Vern Brownell, the CEO of D-Wave, said the partnership with CDL, and the prospect of building an ecosystem of quantum AI and machine learning startups, spoke directly to the company's vision of "bringing quantum computing out of the research lab and into the real world."
While CDL won’t have one of D-Wave’s $15 million 2000Q computers on location at U of T, Mulet says the up to 40 individuals accepted to the program – deadline is July 24 – will have access to its computational power through the cloud. The startups will also receive training from the same teams that D-Wave dispatches to its large corporate customers, and will participate in an intensive “bootcamp” led by Peter Wittek, a Barcelona-based research scientist who wrote the first textbook on quantum machine learning.
CDL said three Silicon Valley-based venture capital firms – Bloomberg Beta, Data Collective and Spectrum 28 – will offer to invest pre-seed capital in every company admitted to, or formed in, the program, so long as they meet certain basic criteria.
Mulet added the arrangement with D-Wave, whose founder Geordie Rose is a CDL Fellow, was three years in the making.
It should be noted, however, that D-Wave’s vision of quantum computing isn’t shared by everyone in the field. The company focuses on a particular type of quantum function known as quantum annealing, which can only be used to solve certain types of optimization problems – and even then D-Wave's machines don't always outperform traditional computers. By contrast, other researchers, including those at IBM, are striving to build a univerisal quantum machine that could handle various types of complex calculations that would take classical computers months or even years to solve.
In the meantime, a growing number of researchers are experimenting with D-Wave's machines. One example: Scientists at Volkswagen recently used a similar cloud-based version of D-Wave’s machine to figure out the fastest way to send 10,000 Beijing taxi cabs to the nearest airport without creating a traffic jam.
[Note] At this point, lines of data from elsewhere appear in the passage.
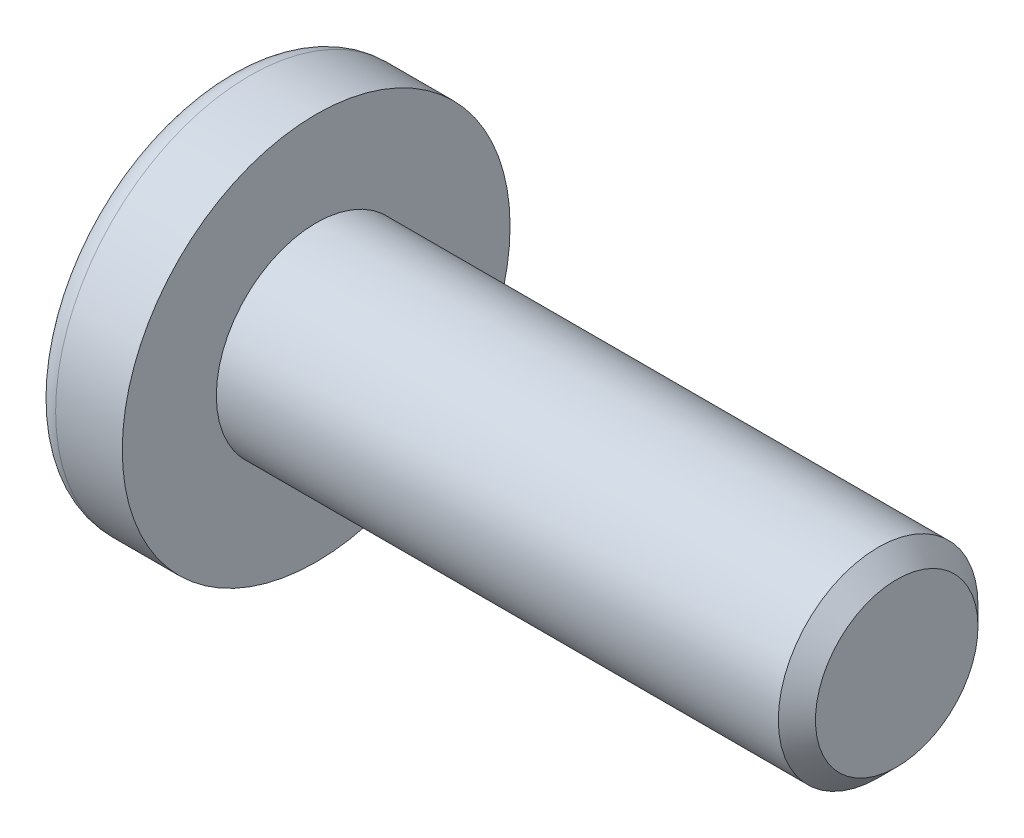
ISO-10303-21;
HEADER;
FILE_DESCRIPTION(('STEP AP214'),'2;1');
FILE_NAME('part.step','',(''),(''),'','','');
FILE_SCHEMA(('AUTOMOTIVE_DESIGN { 1 0 10303 214 1 1 1 1 }'));
ENDSEC;
DATA;
#1=APPLICATION_CONTEXT('core data for automotive mechanical design processes');
#2=APPLICATION_PROTOCOL_DEFINITION('international standard','automotive_design',2000,#1);
#3=PRODUCT_CONTEXT('',#1,'mechanical');
#4=PRODUCT('Part','Part','',(#3));
#5=PRODUCT_RELATED_PRODUCT_CATEGORY('part','',(#4));
#6=PRODUCT_DEFINITION_FORMATION('','',#4);
#7=PRODUCT_DEFINITION_CONTEXT('part definition',#1,'design');
#8=PRODUCT_DEFINITION('design','',#6,#7);
#9=PRODUCT_DEFINITION_SHAPE('','',#8);
#10=(LENGTH_UNIT() NAMED_UNIT(*) SI_UNIT(.MILLI.,.METRE.));
#11=(NAMED_UNIT(*) PLANE_ANGLE_UNIT() SI_UNIT($,.RADIAN.));
#12=(NAMED_UNIT(*) SI_UNIT($,.STERADIAN.) SOLID_ANGLE_UNIT());
#13=UNCERTAINTY_MEASURE_WITH_UNIT(LENGTH_MEASURE(1.E-05),#10,'distance_accuracy_value','');
#14=(GEOMETRIC_REPRESENTATION_CONTEXT(3) GLOBAL_UNCERTAINTY_ASSIGNED_CONTEXT((#13)) GLOBAL_UNIT_ASSIGNED_CONTEXT((#10,
#11,#12)) REPRESENTATION_CONTEXT('',''));
#15=CARTESIAN_POINT('',(0.,0.,0.));
#16=DIRECTION('',(0.,0.,1.));
#17=DIRECTION('',(1.,0.,0.));
#18=AXIS2_PLACEMENT_3D('',#15,#16,#17);
#19=CARTESIAN_POINT('',(3.49504,0.,0.));
#20=DIRECTION('',(-1.,0.,0.));
#21=DIRECTION('',(0.,1.,0.));
#22=AXIS2_PLACEMENT_3D('',#19,#20,#21);
#23=SPHERICAL_SURFACE('',#22,3.49504);
#24=CARTESIAN_POINT('',(0.638066947960321,0.,0.));
#25=DIRECTION('',(-1.,0.,0.));
#26=DIRECTION('',(0.,0.,1.));
#27=AXIS2_PLACEMENT_3D('',#24,#25,#26);
#28=CIRCLE('',#27,2.01320877742947);
#29=CARTESIAN_POINT('',(0.638066947960321,0.,2.01320877742947));
#30=VERTEX_POINT('',#29);
#31=EDGE_CURVE('E137',#30,#30,#28,.T.);
#32=ORIENTED_EDGE('',*,*,#31,.T.);
#33=EDGE_LOOP('',(#32));
#34=FACE_BOUND('',#33,.T.);
#35=CARTESIAN_POINT('',(3.48860800425343,-0.0562204072662827,0.));
#36=DIRECTION('',(-0.113665320353011,-0.99351909641891,0.));
#37=DIRECTION('',(0.99351909641891,-0.113665320353011,0.));
#38=AXIS2_PLACEMENT_3D('',#35,#36,#37);
#39=CIRCLE('',#38,3.49458187725478);
#40=CARTESIAN_POINT('',(0.227775025036725,0.316840992898337,1.19995665346604));
#41=VERTEX_POINT('',#40);
#42=CARTESIAN_POINT('',(0.033060362162214,0.339117670430593,0.339117670430593));
#43=VERTEX_POINT('',#42);
#44=EDGE_CURVE('E133',#41,#43,#39,.T.);
#45=ORIENTED_EDGE('',*,*,#44,.F.);
#46=CARTESIAN_POINT('',(2.78874832810788,0.,-0.872695468934767));
#47=DIRECTION('',(0.629103472698606,0.,0.777321568360582));
#48=DIRECTION('',(0.777321568360582,0.,-0.629103472698606));
#49=AXIS2_PLACEMENT_3D('',#46,#47,#48);
#50=CIRCLE('',#49,3.30981257691679);
#51=CARTESIAN_POINT('',(0.227775025036724,-0.316840992898345,1.19995665346604));
#52=VERTEX_POINT('',#51);
#53=EDGE_CURVE('E125',#41,#52,#50,.T.);
#54=ORIENTED_EDGE('',*,*,#53,.T.);
#55=CARTESIAN_POINT('',(3.48860800425343,0.0562204072662818,0.));
#56=DIRECTION('',(-0.11366532035301,0.99351909641891,0.));
#57=DIRECTION('',(-0.99351909641891,-0.11366532035301,0.));
#58=AXIS2_PLACEMENT_3D('',#55,#56,#57);
#59=CIRCLE('',#58,3.49458187725478);
#60=CARTESIAN_POINT('',(0.0330603621622127,-0.339117670430595,0.339117670430594));
#61=VERTEX_POINT('',#60);
#62=EDGE_CURVE('E376',#61,#52,#59,.T.);
#63=ORIENTED_EDGE('',*,*,#62,.F.);
#64=CARTESIAN_POINT('',(3.48860800425343,0.,-0.0562204072662819));
#65=DIRECTION('',(-0.11366532035301,0.,-0.99351909641891));
#66=DIRECTION('',(-0.99351909641891,0.,0.11366532035301));
#67=AXIS2_PLACEMENT_3D('',#64,#65,#66);
#68=CIRCLE('',#67,3.49458187725478);
#69=CARTESIAN_POINT('',(0.227775025036724,-1.19995665346604,0.316840992898341));
#70=VERTEX_POINT('',#69);
#71=EDGE_CURVE('E171',#70,#61,#68,.T.);
#72=ORIENTED_EDGE('',*,*,#71,.F.);
#73=CARTESIAN_POINT('',(2.78874832810788,0.872695468934764,0.));
#74=DIRECTION('',(0.629103472698606,-0.777321568360582,0.));
#75=DIRECTION('',(0.777321568360582,0.629103472698606,0.));
#76=AXIS2_PLACEMENT_3D('',#73,#74,#75);
#77=CIRCLE('',#76,3.30981257691679);
#78=CARTESIAN_POINT('',(0.227775025036722,-1.19995665346604,-0.316840992898341));
#79=VERTEX_POINT('',#78);
#80=EDGE_CURVE('E167',#70,#79,#77,.T.);
#81=ORIENTED_EDGE('',*,*,#80,.T.);
#82=CARTESIAN_POINT('',(3.48860800425343,0.,0.0562204072662826));
#83=DIRECTION('',(-0.113665320353011,0.,0.99351909641891));
#84=DIRECTION('',(0.99351909641891,0.,0.113665320353011));
#85=AXIS2_PLACEMENT_3D('',#82,#83,#84);
#86=CIRCLE('',#85,3.49458187725478);
#87=CARTESIAN_POINT('',(0.0330603621622127,-0.339117670430592,-0.339117670430594));
#88=VERTEX_POINT('',#87);
#89=EDGE_CURVE('E51',#88,#79,#86,.T.);
#90=ORIENTED_EDGE('',*,*,#89,.F.);
#91=CARTESIAN_POINT('',(0.227775025036724,-0.316840992898336,-1.19995665346604));
#92=VERTEX_POINT('',#91);
#93=EDGE_CURVE('E374',#92,#88,#59,.T.);
#94=ORIENTED_EDGE('',*,*,#93,.F.);
#95=CARTESIAN_POINT('',(2.78874832810788,0.,0.872695468934766));
#96=DIRECTION('',(0.629103472698606,0.,-0.777321568360582));
#97=DIRECTION('',(-0.777321568360582,0.,-0.629103472698606));
#98=AXIS2_PLACEMENT_3D('',#95,#96,#97);
#99=CIRCLE('',#98,3.30981257691679);
#100=CARTESIAN_POINT('',(0.227775025036724,0.316840992898345,-1.19995665346604));
#101=VERTEX_POINT('',#100);
#102=EDGE_CURVE('E381',#92,#101,#99,.T.);
#103=ORIENTED_EDGE('',*,*,#102,.T.);
#104=CARTESIAN_POINT('',(0.033060362162214,0.339117670430595,-0.339117670430594));
#105=VERTEX_POINT('',#104);
#106=EDGE_CURVE('E110',#105,#101,#39,.T.);
#107=ORIENTED_EDGE('',*,*,#106,.F.);
#108=CARTESIAN_POINT('',(0.227775025036726,1.19995665346604,-0.316840992898341));
#109=VERTEX_POINT('',#108);
#110=EDGE_CURVE('E132',#109,#105,#86,.T.);
#111=ORIENTED_EDGE('',*,*,#110,.F.);
#112=CARTESIAN_POINT('',(2.78874832810788,-0.872695468934769,0.));
#113=DIRECTION('',(0.629103472698606,0.777321568360582,0.));
#114=DIRECTION('',(-0.777321568360582,0.629103472698606,0.));
#115=AXIS2_PLACEMENT_3D('',#112,#113,#114);
#116=CIRCLE('',#115,3.30981257691679);
#117=CARTESIAN_POINT('',(0.227775025036726,1.19995665346604,0.31684099289834));
#118=VERTEX_POINT('',#117);
#119=EDGE_CURVE('E59',#109,#118,#116,.T.);
#120=ORIENTED_EDGE('',*,*,#119,.T.);
#121=EDGE_CURVE('E170',#43,#118,#68,.T.);
#122=ORIENTED_EDGE('',*,*,#121,.F.);
#123=EDGE_LOOP('',(#45,#54,#63,#72,#81,#90,#94,#103,#107,#111,#120,#122));
#124=FACE_BOUND('',#123,.T.);
#125=ADVANCED_FACE('F36',(#34,#124),#23,.T.);
#126=CARTESIAN_POINT('',(1.71044397905759,0.,-0.147213612565445));
#127=DIRECTION('',(-0.113665320353011,0.,0.99351909641891));
#128=DIRECTION('',(0.99351909641891,0.,0.113665320353011));
#129=AXIS2_PLACEMENT_3D('',#126,#127,#128);
#130=PLANE('',#129);
#131=ORIENTED_EDGE('',*,*,#110,.T.);
#132=DIRECTION('',(0.987162587649563,-0.112938092654823,0.112938092654823));
#133=VECTOR('',#132,1.);
#134=CARTESIAN_POINT('',(1.72685656853982,0.145335901056886,-0.145335901056885));
#135=LINE('',#134,#133);
#136=CARTESIAN_POINT('',(1.4986,0.171450000000001,-0.17145));
#137=VERTEX_POINT('',#136);
#138=EDGE_CURVE('E108',#105,#137,#135,.T.);
#139=ORIENTED_EDGE('',*,*,#138,.T.);
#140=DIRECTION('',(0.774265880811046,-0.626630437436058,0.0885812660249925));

Other problems that D-Wave claims can be tackled with its system include optimizing cancer radio therapy, developing new drug types and designing more efficient water networks.
D-Wave has also courted controversy in the past because it wasn’t always clear to researchers whether its machines truly demonstrated quantum properties.
Mulet, however, says the academic debate surrounding D-Wave’s approach is less interesting to CDL than what its startups do with it. “We’re proponents of building impactful companies,” he said, adding that CDL plans to incorporate other types of quantum computers when they become commercially available. “So it doesn’t really matter where your science and technology comes from as long as it creates value for customers."